# Sheepies



## jfish (Mar 27, 2014)

Well have to admit I had no complaints on sheepies that just came off the smoker. Dirty rice, steam broccoli, and crawfish cream sauce to go with it. I have to say it was my best yet.


----------



## jfish (Mar 27, 2014)

On the grill


----------



## tsharp (Mar 27, 2014)

Looks good I may have to try cooking it like that.


----------



## jfish (Mar 27, 2014)

Just season to your liking I used a little salt pepper garlic powder and Cajun seasoning. Olive oil to keep it from sticking or drying. 

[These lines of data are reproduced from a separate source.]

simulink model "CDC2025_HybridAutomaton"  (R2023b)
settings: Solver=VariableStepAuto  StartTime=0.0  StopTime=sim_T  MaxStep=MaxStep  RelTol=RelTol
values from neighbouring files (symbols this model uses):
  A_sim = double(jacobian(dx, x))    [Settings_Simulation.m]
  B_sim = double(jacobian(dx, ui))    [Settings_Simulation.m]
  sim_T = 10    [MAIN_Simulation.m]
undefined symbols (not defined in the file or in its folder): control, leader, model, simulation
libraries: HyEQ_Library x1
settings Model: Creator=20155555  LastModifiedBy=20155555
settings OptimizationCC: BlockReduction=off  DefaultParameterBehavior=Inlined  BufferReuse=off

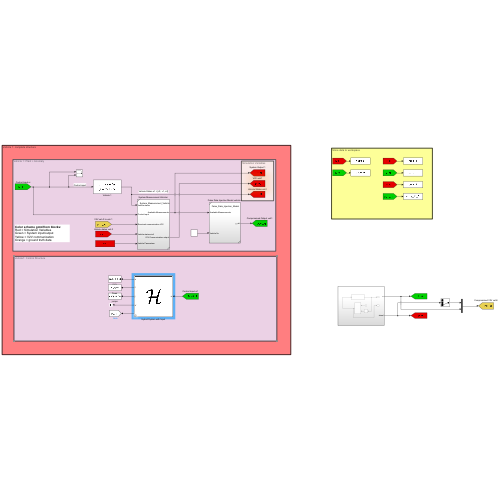
[thumbnail: Simulink's stored preview of the top-level diagram]
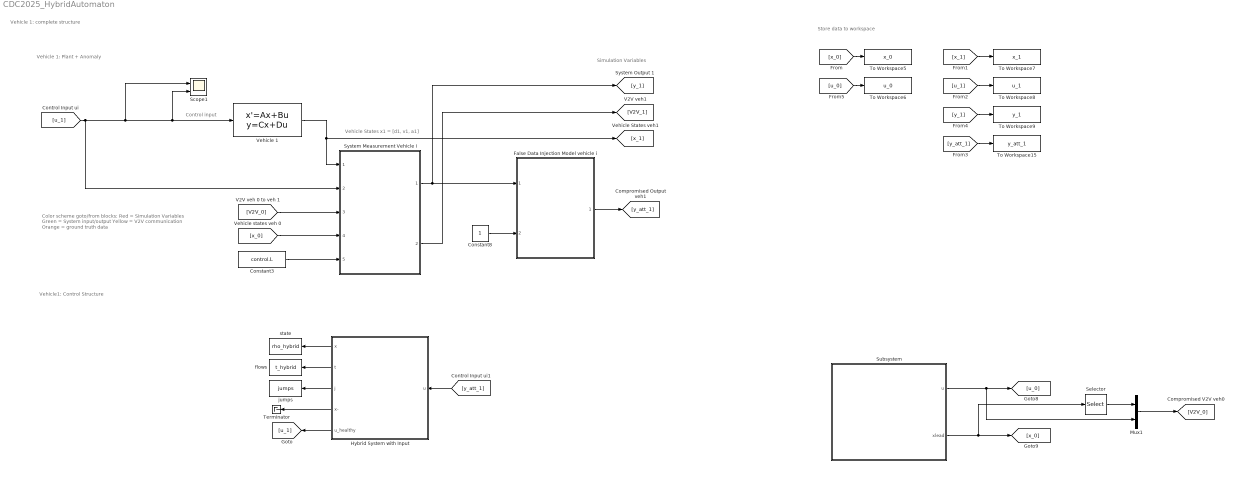
== system CDC2025_HybridAutomaton ==
  note: Vehicle 1: complete structure
  note: Vehicle1: Control Structure
  note: Vehicle States x1 = [d1, v1, a1]
  note: Store data to workspace
  note: Control input
  note: Vehicle 1: Plant + Anomaly
  note: Simulation Variables
  note: Color scheme goto/from blocks:
      | Red = Simulation Variables
      | Green = System input/output
      | Yellow = V2V communication
      | Orange = ground truth data
  Constant3 : Constant  Value=control.L
  Constant8 : Constant
  False Data Injection Model vehicle i : Subsystem  ReferencedSubsystem=False_Data_Injection_Model
  Hybrid System with Input : Subsystem  LoadFcn=set_param(gcb,'LinkStatus','none')  mask(Hybrid System with Inputs){x0=simulation.rho_init, input_dim=6, parameters=[control.h, model.tau, control.kp, control.kd, control.epsilon], T=sim_T, J=control.J, rule=Flow}
      mask prompts: x0 "Initial Condition (column vector)"; input_dim "Input Dimension (positive integer)"; T "Flow Horizon (nonnegative real)"; J "Jump Horizon (nonnegative integer)"; rule "Flow/Jump Priorty Rule"
      mask help:
      | To modify (f, g, C, D) for this block, "Look inside" the block mask by either clicking the down arrow in the lower-left corner or selecting "Mask" > "Look Under Mask" from the context menu.
      |
      | For instructions how to use this block, see the
      mask init:
      | state_dim = numel(x0);
      settings: CopyFcn=|
      | set_param(gcb,'LinkStatus','none'),
      | set_param(gcs, 'MaxStep', 'MaxStep', 'RelTol', 'RelTol','StopTime', 'T')
      mask Help:
      | To modify (f, g, C, D) for this block, "Look inside" the block mask by either clicking the down arrow in the lower-left corner or selecting "Mask" > "Look Under Mask" from the context menu.
      | 
      | The value given in the 'parameters' field is passed as the last input argument for f, g, C, and D. Any MATLAB object can be used, but we recommend using a struct. For example, in the initialization script, a parameters struct can be defined as followed.
      |   parameters = struct();
      |   parameters.A = eye(2);
      |   parameters.B = [1; 0];
      | 
      | The output "x-" is the state output delayed by one integration step. Use this output to break algebraic loops.
      mask TypeOptions x0: Integrator System/x0
      mask TypeOptions T: Integrator System/T
      mask TypeOptions J: Integrator System/J
      mask TypeOptions rule: Jump | Flow | Random
      mask DialogControl Control2 Prompt: Introduction to the HyEQ Simulink-based Library
      mask DialogControl Control2 Callback: hybrid.internal.openHelp('Help_SimulinkLibrary')
      mask DialogControl Container3 Prompt: System Configuration
      mask DialogControl Container2 Prompt: Solver Options
      mask Display:
      | image('Hcal.jpg')
      | port_label('output', 1, 'x')
      | port_label('output', 2, 't')
      | port_label('output', 3, 'j')
      | port_label('output', 4, 'x^-','texmode', 'on')
      | port_label('input', 1, 'u')
  Mux1 : Mux  Inputs=2
  Scope1 : Scope  NumInputPorts=2
  Selector : Selector  InputPortWidth=3  IndexOptions=Index vector (dialog)  Indices=[3]  OutputSizes=1
  Subsystem : Subsystem
  System Measurement Vehicle i : Subsystem  ReferencedSubsystem=System_Measurement_Vehicle
  Terminator : Terminator
  To Workspace15 : ToWorkspace  VariableName=y_att_1  SampleTime=-1
  To Workspace5 : ToWorkspace  VariableName=x_0  SampleTime=-1
  To Workspace6 : ToWorkspace  VariableName=u_0  SampleTime=-1
  To Workspace7 : ToWorkspace  VariableName=x_1  SampleTime=-1
  To Workspace8 : ToWorkspace  VariableName=u_1  SampleTime=-1
  To Workspace9 : ToWorkspace  VariableName=y_1  SampleTime=-1
  Vehicle 1 : StateSpace  A=A_sim  B=B_sim  C=eye(3)  D=zeros(3,1)  InitialCondition=simulation.veh1.x_init
  flows : ToWorkspace  VariableName=t_hybrid  SampleTime=-1
  jumps : ToWorkspace  VariableName=jumps  SampleTime=-1
  state : ToWorkspace  VariableName=rho_hybrid  SampleTime=-1
  wires:
  Hybrid System with Input/4(x-) -> Terminator/1
  Hybrid System with Input/1(x) -> state/1
  Hybrid System with Input/2(t) -> flows/1
  Hybrid System with Input/3(j) -> jumps/1
  Hybrid System with Input/5(u_healthy) -> [u_1]
  Constant8/1 -> False Data Injection Model vehicle i/2
  False Data Injection Model vehicle i/1 -> [y_att_1]
  [V2V_0] -> System Measurement Vehicle i/3
  [x_0] -> To Workspace5/1
  [y_att_1] -> To Workspace15/1
  Mux1/1 -> [V2V_0]
  [u_1] -> To Workspace8/1
  [x_1] -> To Workspace7/1
  [y_1] -> To Workspace9/1
  System Measurement Vehicle i/2 -> [V2V_1]
  [x_0] -> System Measurement Vehicle i/4
  [u_1] -> Vehicle 1/1, Scope1/2, Scope1/1, System Measurement Vehicle i/2
  Subsystem/2(xlead) -> Selector/1, [x_0]
  [u_0] -> To Workspace6/1
  Subsystem/1(u) -> Mux1/2, [u_0]
  Selector/1 -> Mux1/1
  Vehicle 1/1 -> System Measurement Vehicle i/1, [x_1]
  Constant3/1 -> System Measurement Vehicle i/5
  System Measurement Vehicle i/1 -> [y_1], False Data Injection Model vehicle i/1
  [y_att_1] -> Hybrid System with Input/1(u)

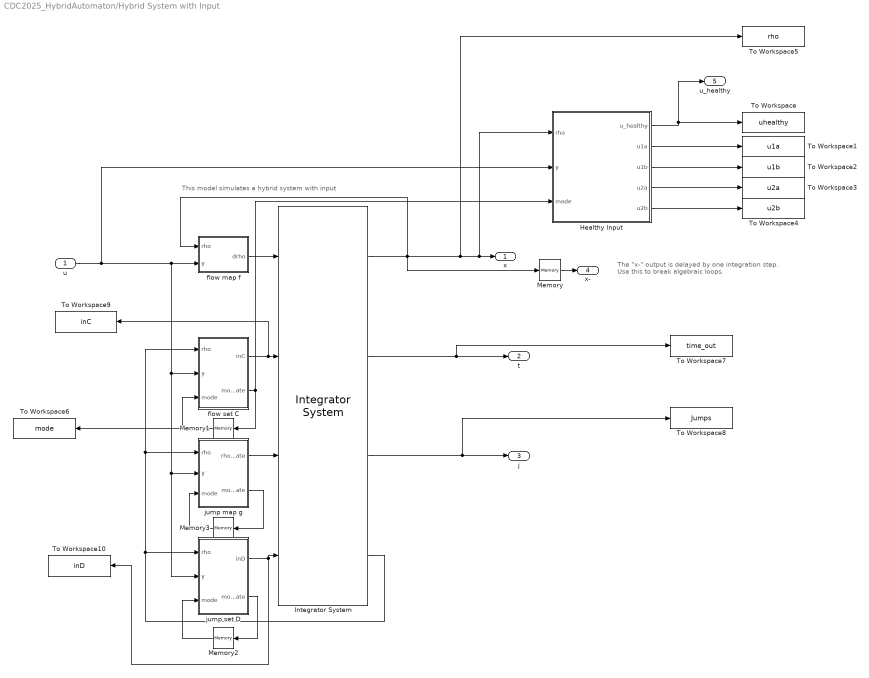
== system CDC2025_HybridAutomaton/Hybrid System with Input ==
  note: This model simulates a hybrid system with input
  note: The "x-" output is delayed by one integration step. Use this to break algebraic loops.
  u : Inport  PortDimensions=input_dim
  Healthy Input : MATLAB Function  TreatAsAtomicUnit=on
  Integrator System : HyEQ_Library/Other/Integrator System  Priority=2  T=T  J=J  x0=x0  rule=rule
      settings: SourceProductName=Hybrid Equations Toolbox
  Memory : Memory  InitialCondition=x0
  Memory1 : Memory  InheritSampleTime=on
  Memory2 : Memory  InheritSampleTime=on
  Memory3 : Memory  InheritSampleTime=on
  To Workspace : ToWorkspace  VariableName=uhealthy  SampleTime=-1
  To Workspace1 : ToWorkspace  VariableName=u1a  SampleTime=-1
  To Workspace10 : ToWorkspace  VariableName=inD  SampleTime=-1
  To Workspace2 : ToWorkspace  VariableName=u1b  SampleTime=-1
  To Workspace3 : ToWorkspace  VariableName=u2a  SampleTime=-1
  To Workspace4 : ToWorkspace  VariableName=u2b  SampleTime=-1
  To Workspace5 : ToWorkspace  VariableName=rho  SampleTime=-1
  To Workspace6 : ToWorkspace  VariableName=mode  SampleTime=-1
  To Workspace7 : ToWorkspace  VariableName=time_out  SampleTime=-1
  To Workspace8 : ToWorkspace  VariableName=Jumps  SampleTime=-1
  To Workspace9 : ToWorkspace  VariableName=inC  SampleTime=-1
  flow map f : MATLAB Function  TreatAsAtomicUnit=on
  flow set C : MATLAB Function  TreatAsAtomicUnit=on
  jump map g : MATLAB Function  TreatAsAtomicUnit=on
  jump set D : MATLAB Function  TreatAsAtomicUnit=on
  x : Outport  PortDimensions=state_dim
  t : Outport  Port=2  PortDimensions=1
  j : Outport  Port=3  PortDimensions=1
  x- : Outport  Port=4  PortDimensions=state_dim
  u_healthy : Outport  Port=5
  wires:
  Memory/1 -> x-/1
  jump map g/1(rho_update) -> Integrator System/3
  jump set D/1(inD) -> Integrator System/4, To Workspace10/1
  u/1 -> Healthy Input/2(y), jump set D/2(y), jump map g/2(y), flow set C/2(y), flow map f/2(y)
  Integrator System/3 -> To Workspace8/1, j/1
  Integrator System/2 -> To Workspace7/1, t/1
  flow set C/1(inC) -> To Workspace9/1, Integrator System/2
  Integrator System/1 -> flow map f/1(rho), To Workspace5/1, Healthy Input/1(rho), x/1, Memory/1
  Integrator System/4 -> flow set C/1(rho), jump map g/1(rho), jump set D/1(rho)
  flow map f/1(drho) -> Integrator System/1
  Memory1/1 -> flow set C/3(mode), To Workspace6/1
  Memory2/1 -> jump set D/3(mode)
  jump set D/2(mode_update) -> Memory2/1
  Memory3/1 -> jump map g/3(mode)
  jump map g/2(mode_update) -> Memory3/1
  Healthy Input/1(u_healthy) -> u_healthy/1, To Workspace/1
  Healthy Input/2(u1a) -> To Workspace1/1
  Healthy Input/5(u2b) -> To Workspace4/1
  Healthy Input/4(u2a) -> To Workspace3/1
  Healthy Input/3(u1b) -> To Workspace2/1
  flow set C/2(mode_update) -> Memory1/1, Healthy Input/3(mode)

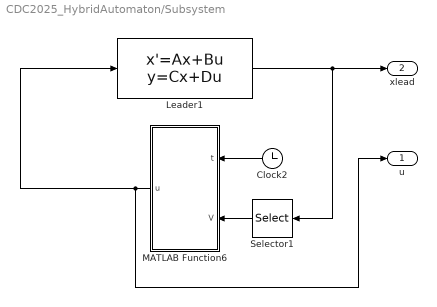
== system CDC2025_HybridAutomaton/Subsystem ==
  Clock2 : Clock
  Leader1 : StateSpace  A=A_sim  B=B_sim  C=eye(3)  D=zeros(3,1)  InitialCondition=simulation.veh0.x_init
  MATLAB Function6 : MATLAB Function  TreatAsAtomicUnit=on
  Selector1 : Selector  InputPortWidth=3  IndexOptions=Index vector (dialog)  Indices=2  OutputSizes=1
  u : Outport
  xlead : Outport  Port=2
  wires:
  Selector1/1 -> MATLAB Function6/2(V)
  MATLAB Function6/1(u) -> u/1, Leader1/1
  Leader1/1 -> xlead/1, Selector1/1
  Clock2/1 -> MATLAB Function6/1(t)

== matlab function CDC2025_HybridAutomaton/Subsystem/MATLAB Function6 ==
  data: t input; u output; V input; control parameter; leader parameter
function u = fcn(t, V, control, leader)


kp = control.kp;

Vdes = leader.Vdes0 ;
u = kp*(Vdes - V);

end

== matlab function CDC2025_HybridAutomaton/Hybrid System with Input/Healthy Input ==
  data: rho input size=state_dim; y input size=input_dim; mode input; u_healthy output size=1; parameters parameter; u1a output; u1b output; u2a output; u2b output
function [u_healthy, u1a, u1b, u2a, u2b]  = uHealthy(rho, y, mode, parameters)
% Define flow set indictor function here.

% allocate state
rho1a = rho(1);
rho1b = rho(2);
rho2a = rho(3);
rho2b = rho(4);

% Allocate output
y1 = y(1);
y2 = y(2);
y5a = y(3);
y5b = y(4);
y6a = y(5);
y6b = y(6);

% parameters
h = parameters(1);
tau = parameters(2);
kp = parameters(3);
kd = parameters(4);

% Compute control inputs before reset
u1a = compute_u1(y1, y2, y5a, rho1a, kd, h, tau);
u1b = compute_u1(y1, y2, y5b, rho1b, kd, h, tau);
u2a = compute_u2(y1, y2, rho2a, kd, h);
u2b = compute_u2(y1, y2, rho2b, kd, h);


if mode == 0
    u_healthy = u1a;
elseif mode ==  1
    u_healthy = u1b;
elseif mode == 2
    u_healthy = u1a;
elseif mode == 3
    u_healthy = u1a;
elseif mode == 4
    u_healthy = u1a;
else
    u_healthy = 69;
end

end



function u = compute_u1(y1, y2, y5, rho, kd, h, tau)
% Compute control input u1
u = rho + (kd/h) * y1 - kd * y2 + (tau/h) * y5;
end

function u = compute_u2(y1, y2, rho, kd, h)
% Compute control input u2
u = rho + (kd/h) * y1 - kd * y2;
end

== matlab function CDC2025_HybridAutomaton/Hybrid System with Input/flow map f ==
  data: rho input size=state_dim; y input size=input_dim; drho output size=state_dim; parameters parameter
function drho = f(rho, y, parameters)
% Define flow map here.

% parameters
h = parameters(1);
tau = parameters(2);
kp = parameters(3);
kd = parameters(4);

% States
rho1a = rho(1);
rho1b = rho(2);
rho2a = rho(3);
rho2b = rho(4);

% input
y1 = y(1);
y2 = y(2);
y5a = y(3);
y5b = y(4);
y6a = y(5);
y6b = y(6);

% Update states (flow dynamics)
drho1a = update_drho1(rho1a, y1, y2, y5a, h, kp, kd, tau);
drho1b = update_drho1(rho1b, y1, y2, y5b, h, kp, kd, tau);
drho2a = update_drho2(rho2a, y1, y2, y6a, h, kp, kd);
drho2b = update_drho2(rho2b, y1, y2, y6b, h, kp, kd);

drho = [drho1a; drho1b; drho2a; drho2b];

end


function drho = update_drho1(rho, y1, y2, y5, h, kp, kd, tau)
% Compute next state value
drho = (-1/h) * rho + (kp/h - kd/h^2) * y1 - (kp - kd/h) * y2 - (tau/h^2 - 1/h) * y5 - kp/h*3;
end

function drho = update_drho2(rho, y1, y2, y6, h, kp, kd)
% Compute next state value
drho = (-1/h) * rho + (kp/h - kd/h^2) * y1 - (kp - kd/h) * y2 + 1/h * y6 - kp/h*3;
end

== matlab function CDC2025_HybridAutomaton/Hybrid System with Input/flow set C ==
  data: rho input size=state_dim; y input size=input_dim; mode input; inC output size=1; parameters parameter; mode_update output
function [inC, mode_update] = C(rho, y, mode, parameters)
% Define flow set indictor function here.

% allocate state
rho1a = rho(1);
rho1b = rho(2);
rho2a = rho(3);
rho2b = rho(4);

% Allocate output
y1 = y(1);
y2 = y(2);
y5a = y(3);
y5b = y(4);
y6a = y(5);
y6b = y(6);

% parameters
h = parameters(1);
tau = parameters(2);
kp = parameters(3);
kd = parameters(4);
epsilon = parameters(5);

% Compute control inputs
u1a = compute_u1(y1, y2, y5a, rho1a, kd, h, tau);
u1b = compute_u1(y1, y2, y5b, rho1b, kd, h, tau);
u2a = compute_u2(y1, y2, rho2a, kd, h);
u2b = compute_u2(y1, y2, rho2b, kd, h);

% Determine transitions
[mode_update, inC, ~]  = get_next_mode(mode, u1a, u1b, u2a, u2b, y5a, y5b, y6a, y6b, rho1a, rho1b, rho2a, rho2b, h, tau, epsilon);



function [mode_update, inC, rho_update] = get_next_mode(mode, u1a, u1b, u2a, u2b, y5a, y5b, y6a, y6b, rho1a, rho1b, rho2a, rho2b, h, tau, epsilon)

% Compute next mode based on control inputs and state transitions
switch mode
    case 0
        if abs(u1a - u1b) > epsilon && abs(u1b - u2a) <= epsilon && abs(u2a - u2b) <= epsilon
            mode_update = 1;
            rho_update = [rho1a; rho1b; rho2a; rho2b];
            inC = false;
        elseif abs(u1b - u1a) > epsilon && abs(u1a - u2a) <= epsilon && abs(u2a - u2b) <= epsilon
            mode_update = 2;
            rho_update = [rho1a; rho1b; rho2a; rho2b];
            inC = false;
        elseif abs(u1a - u1b) <= epsilon && abs(u1b - u2b) <= epsilon && abs(u2b - u2a) > epsilon
            mode_update = 3;
            rho_update = [rho1a; rho1b; rho2a; rho2b];
            inC = false;
        elseif abs(u1a - u1b) <= epsilon && abs(u1b - u2a) <= epsilon && abs(u2a - u2b) > epsilon
            mode_update = 4;
            rho_update = [rho1a; rho1b; rho2a; rho2b];
            inC = false;
        else
            mode_update = mode;
            rho_update = [rho1a; rho1b; rho2a; rho2b];
            inC = true;
        end
    case 1 % Don't use u1a
        if abs(y5a - y5b) <= epsilon && abs(u1b - u2a) <= epsilon && abs(u2a - u2b) <= epsilon
            mode_update = 0;
            rho_update = [rho1b; rho1b; rho2a; rho2b];
            inC = false;
        elseif abs(u1b - u2a) > epsilon && abs(u2a - u2b) <= epsilon
            mode_update = 2;
            rho_update = [rho2a-tau/h*y5a; rho1b; rho2a; rho2b];
            inC = false;
        elseif abs(u1b - u2b) <= epsilon && abs(u2b - u2a) > epsilon
            mode_update = 3;
            rho_update = [rho1b; rho1b; rho2a; rho2b];
            % reset = 1;
            inC = false;
        elseif abs(u1b - u2a) <= epsilon && abs(u2a - u2b) > epsilon
            mode_update = 4;
            rho_update = [rho1b; rho1b; rho2a; rho2b];
            % reset = 1;
            inC = false;
        else
            mode_update = mode;
            rho_update = [rho1a; rho1b; rho2a; rho2b];
            inC = true;
        end
    case 2 % Don't use u1b
        if abs(y5a - y5b) <= epsilon && abs(u1a - u2a) <= epsilon && abs(u2a - u2b) <= epsilon
            mode_update = 0;
            rho_update = [rho1a; rho1a; rho2a; rho2b];
            inC = false;
        elseif abs(u1a - u2a) > epsilon && abs(u2a - u2b) <= epsilon
            mode_update = 1;
            rho_update = [rho1a; rho2a - tau/h*y5b; rho2a; rho2b];
            inC = false;
        elseif abs(u1a - u2a) > epsilon && abs(u1a - u2b) <= epsilon
            mode_update = 3;
            rho_update = [rho1a; rho1a; rho2a; rho2b];
            inC = false;
        elseif abs(u1a - u2a) <= epsilon && abs(u2a - u2b) > epsilon
            mode_update = 4;
            rho_update = [rho1a; rho1a; rho2a; rho2b];
            inC = false;
        else
            mode_update = mode;
            rho_update = [rho1a; rho1b; rho2a; rho2b];
            inC = true;
        end
    case 3 % Don't use u2a
        if abs(u1a - u1b) <= epsilon && abs(u1b - u2b) <= epsilon && abs(y6a - y6b) <= epsilon
            mode_update = 0;
            rho_update = [rho1a; rho1b; rho2b; rho2b];
            inC = false;
        elseif abs(u1a - u1b) > epsilon && abs(u1b - u2b) <= epsilon
            mode_update = 1;
            rho_update = [rho1a; rho1b; rho2b; rho2b];
            inC = false;
        elseif abs(u1b - u1a) > epsilon && abs(u1a - u2b) <= epsilon
            mode_update = 2;
            rho_update = [rho1a; rho1b; rho2b; rho2b];
            inC = false;
        elseif abs(u1a - u1b) <= epsilon && abs(u1b - u2b) > epsilon
            mode_update = 4;
            rho_update = [rho1a; rho1b; rho1a + tau/h*y5a; rho2b];
            inC = false;
        else
            mode_update = mode;
            rho_update = [rho1a; rho1b; rho2a; rho2b];
            inC = true;
        end
    case 4 % Don't use u2b
        if abs(u1a - u1b) <= epsilon && abs(u1b - u2a) <= epsilon && abs(y6a - y6b) <= epsilon
            mode_update = 0;
            rho_update = [rho1a; rho1b; rho2a; rho2a];
            inC = false;
        elseif abs(u1a - u1b) > epsilon && abs(u1b - u2a) <= epsilon
            mode_update = 1;
            rho_update = [rho1a; rho1b; rho2a; rho2a];
            inC = false;
        elseif abs(u1a - u1b) > epsilon && abs(u1a - u2a) <= epsilon
            mode_update = 2;
            rho_update = [rho1a; rho1b; rho2a; rho2a];
            inC = false;
        elseif abs(u1a - u1b) <= epsilon && abs(u1b - u2a) > epsilon
            mode_update = 3;
            rho_update = [rho1a; rho1b; rho2a; rho1a + tau/h*y5a];
            inC = false;
        else
            mode_update = mode;
            rho_update = [rho1a; rho1b; rho2a; rho2b];
            inC = true;
        end
    otherwise
        mode_update  = 69;
        rho_update = [0; 0; 0; 0];
        inC = true;
end
end

function u = compute_u1(y1, y2, y5, rho, kd, h, tau)
% Compute control input u1
u = rho + (kd/h) * y1 - kd * y2 + (tau/h) * y5;
end

function u = compute_u2(y1, y2, rho, kd, h)
% Compute control input u2
u = rho + (kd/h) * y1 - kd * y2;
end
end

== matlab function CDC2025_HybridAutomaton/Hybrid System with Input/jump map g ==
  data: rho input size=state_dim; y input size=input_dim; mode input; rho_update output size=state_dim; parameters parameter; mode_update output
function [rho_update, mode_update] = g(rho, y, mode, parameters)
% Jump map.

% allocate state
rho1a = rho(1);
rho1b = rho(2);
rho2a = rho(3);
rho2b = rho(4);

% Allocate output
y1 = y(1);
y2 = y(2);
y5a = y(3);
y5b = y(4);
y6a = y(5);
y6b = y(6);

% parameters
h = parameters(1);
tau = parameters(2);
kp = parameters(3);
kd = parameters(4);
epsilon = parameters(5);


% Compute control inputs
u1a = compute_u1(y1, y2, y5a, rho1a, kd, h, tau);
u1b = compute_u1(y1, y2, y5b, rho1b, kd, h, tau);
u2a = compute_u2(y1, y2, rho2a, kd, h);
u2b = compute_u2(y1, y2, rho2b, kd, h);

% Determine transitions
[mode_update, ~, rho_update]  = get_next_mode(mode, u1a, u1b, u2a, u2b, y5a, y5b, y6a, y6b, rho1a, rho1b, rho2a, rho2b, h, tau, epsilon);

end

function [mode_update, inD, rho_update] = get_next_mode(mode, u1a, u1b, u2a, u2b, y5a, y5b, y6a, y6b, rho1a, rho1b, rho2a, rho2b, h, tau, epsilon)

% Compute next mode based on control inputs and state transitions
switch mode
    case 0
        if abs(u1a - u1b) > epsilon && abs(u1b - u2a) <= epsilon && abs(u2a - u2b) <= epsilon
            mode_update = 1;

Ran the smoker up to 350 for cooking it was hotter when I put it on. Had to cool it down, shut off the air.  The onion and tomato add flavor and are good to eat as well. 

Cooked with pecan wood but not sure it makes a difference really.


----------



## doeboy1 (Mar 27, 2014)

Son, that sauce looks like icing on the cake!


----------



## jfish (Mar 27, 2014)

This is the sauce recipe I use. I have used it before.


----------



## jfish (Mar 27, 2014)

We are sitting here talking about cookingn and decided that the sheepies cooked better than the reds. They are more dry type whiter looking meat. For this time try were pretty dang good. Good to swap up things


----------



## SapeloJoeBro (Mar 27, 2014)

Awesome eats. Man that would be good. You oughta post that up in the cafe.


----------



## bronco611 (Mar 27, 2014)

ya'll just aint right!!! Teasing a land locked sucker such as I and then rubbin my nose in it like a puppy who has not learned the rules of the house yet.


----------



## bluffmonkey (Mar 28, 2014)

Wow, I wish this computer had a "scratch and taste" button!


----------



## Mechanicaldawg (Mar 28, 2014)

Looks great jfish!

One of my favorite fishes!


----------



## kaddiddle (Mar 28, 2014)

Hate it for the one getting the hamburger.


----------



## jfish (Mar 28, 2014)

kaddiddle said:


> Hate it for the one getting the hamburger.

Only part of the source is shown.